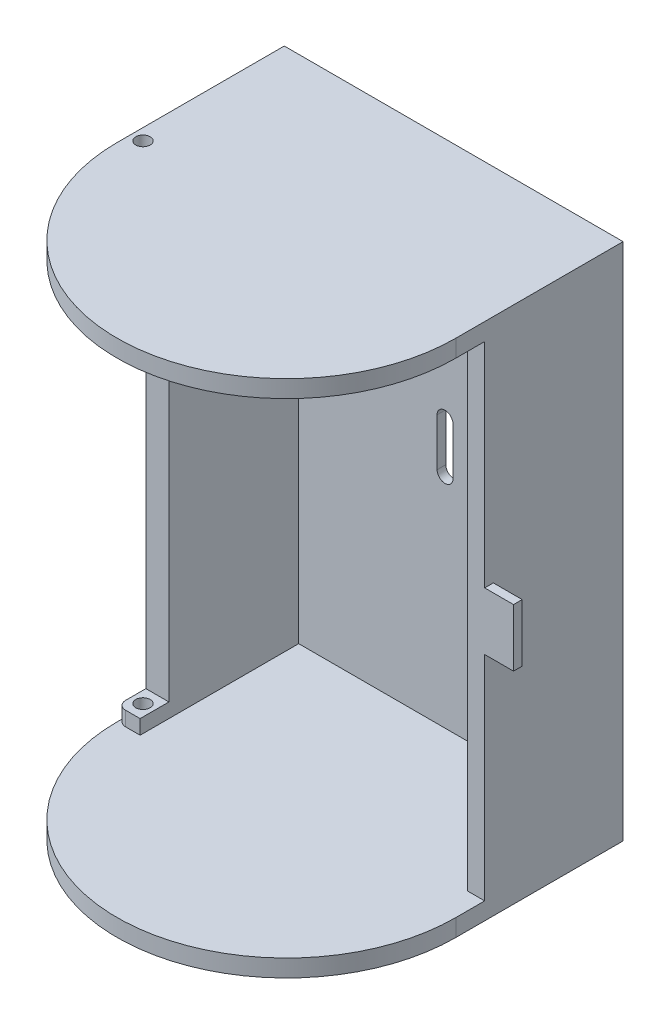
from build123d import *

# Parameters (mm, degrees)
SKETCH_2_W               = 117.5
SKETCH_2_H               = 180
EXTRUDE_2_DEPTH          = 3
EXTRUDE_5_DEPTH          = 6
EXTRUDE_START            = -6
EXTRUDE_6_DEPTH          = 6
EXTRUDE_8_DEPTH          = 8
CUT_EXTRUDE_1_DEPTH      = 188
CUT_EXTRUDE_1_DEPTH_BACK = 20
SKETCH_8_R               = 2.5
FILLET_1_R               = 3
SKETCH_10_W              = 6
SKETCH_10_H              = 168
EXTRUDE_9_DEPTH          = 45
CUT_EXTRUDE_2_DEPTH      = 159.688767718
SKETCH_12_W              = 3
SKETCH_12_H              = 20
EXTRUDE_10_DEPTH         = 10


with BuildPart() as part:
    # 草圖2 → 填料-伸長2 (new body)
    with BuildSketch(Plane.XY):
        Rectangle(SKETCH_2_W, SKETCH_2_H)
    extrude(amount=EXTRUDE_2_DEPTH)

    # 草圖4 → 填料-伸長5 (add)
    with BuildSketch(Plane.XZ.offset(90)):
        with BuildLine():
            Line((-58.75, 3), (-58.75, 58))
            ThreePointArc((-58.75, 58), (0, 116.75), (58.75, 58))
            Line((58.75, 58), (58.75, 3))
            Line((58.75, 3), (-58.75, 3))
        make_face()
    extrude(amount=-EXTRUDE_5_DEPTH)

    # 草圖5 → 填料-伸長6 (add)
    with BuildSketch(Plane(origin=(0, 90, 0), x_dir=(1, 0, 0), z_dir=(0, 1, 0)).offset(EXTRUDE_START)):
        with BuildLine():
            Line((-58.75, -3), (-58.75, -58))
            ThreePointArc((-58.75, -58), (0, -116.75), (58.75, -58))
            Line((58.75, -58), (58.75, -3))
            Line((58.75, -3), (-58.75, -3))
        make_face()
    extrude(amount=EXTRUDE_6_DEPTH)

    # 草圖7 → 填料-伸長8 (add)
    with BuildSketch(Plane.ZY.offset(58.75)):
        Polygon((3, 84), (58, 84), (58, 79), (48, 79), (48, -79), (58, -79), (58, -84), (3, -84), align=None)
    extrude(amount=-EXTRUDE_8_DEPTH)

    # 草圖8 → 除料-伸長1 (cut, two sides: drawn at the far end of the back side and taken through both)
    with BuildSketch(Plane.XZ.offset(-79).offset(-CUT_EXTRUDE_1_DEPTH_BACK)):
        with Locations(Location((-54.75, 53, 0), (0, 0, 90))):
            Circle(SKETCH_8_R)
    extrude(amount=CUT_EXTRUDE_1_DEPTH + CUT_EXTRUDE_1_DEPTH_BACK, mode=Mode.SUBTRACT)

    # 圓角1
    fillet_1_edges = [part.edges().sort_by_distance(p)[0] for p in [
        (-58.75, -81.5, 58),
        (-58.75, 81.5, 58),
    ]]
    fillet(fillet_1_edges, radius=FILLET_1_R)

    # 草圖10 → 填料-伸長9 (add)
    with BuildSketch(Plane.XY.offset(3)):
        with Locations((55.75, 0)):
            Rectangle(SKETCH_10_W, SKETCH_10_H)
    extrude(amount=EXTRUDE_9_DEPTH)

    # 草圖11 → 除料-伸長2 (cut, through all)
    with BuildSketch(Plane(origin=(0, 0, 0), x_dir=(-1, 0, 0), z_dir=(0, 0, -1))):
        with BuildLine():
            Line((2.75, 8.745412879), (2.75, -7.754587121))
            ThreePointArc((2.75, -7.754587121), (0, -10.504587121), (-2.75, -7.754587121))
            Line((-2.75, -7.754587121), (-2.75, 8.745412879))
            ThreePointArc((-2.75, 8.745412879), (0, 11.495412879), (2.75, 8.745412879))
        make_face()
    extrude(amount=-CUT_EXTRUDE_2_DEPTH, mode=Mode.SUBTRACT)

    # 草圖12 → 填料-伸長10 (add)
    with BuildSketch(Plane(origin=(58.75, 0, 0), x_dir=(0, 0, -1), z_dir=(1, 0, 0))):
        with Locations((-46.5, 0)):
            Rectangle(SKETCH_12_W, SKETCH_12_H)
    extrude(amount=EXTRUDE_10_DEPTH)


solid = part.part

-=-=-

* **Work instruction**
The expected output is exactly the lines of the listing above between the line holding "-10.504587121), (-2.75, -7.754587121))" and the line holding "extrude(amount=EXTRUDE_10_DEPTH)", inclusive.

* **Output**
            ThreePointArc((2.75, -7.754587121), (0, -10.504587121), (-2.75, -7.754587121))
            Line((-2.75, -7.754587121), (-2.75, 8.745412879))
            ThreePointArc((-2.75, 8.745412879), (0, 11.495412879), (2.75, 8.745412879))
        make_face()
    extrude(amount=-CUT_EXTRUDE_2_DEPTH, mode=Mode.SUBTRACT)

    # 草圖12 → 填料-伸長10 (add)
    with BuildSketch(Plane(origin=(58.75, 0, 0), x_dir=(0, 0, -1), z_dir=(1, 0, 0))):
        with Locations((-46.5, 0)):
            Rectangle(SKETCH_12_W, SKETCH_12_H)
    extrude(amount=EXTRUDE_10_DEPTH)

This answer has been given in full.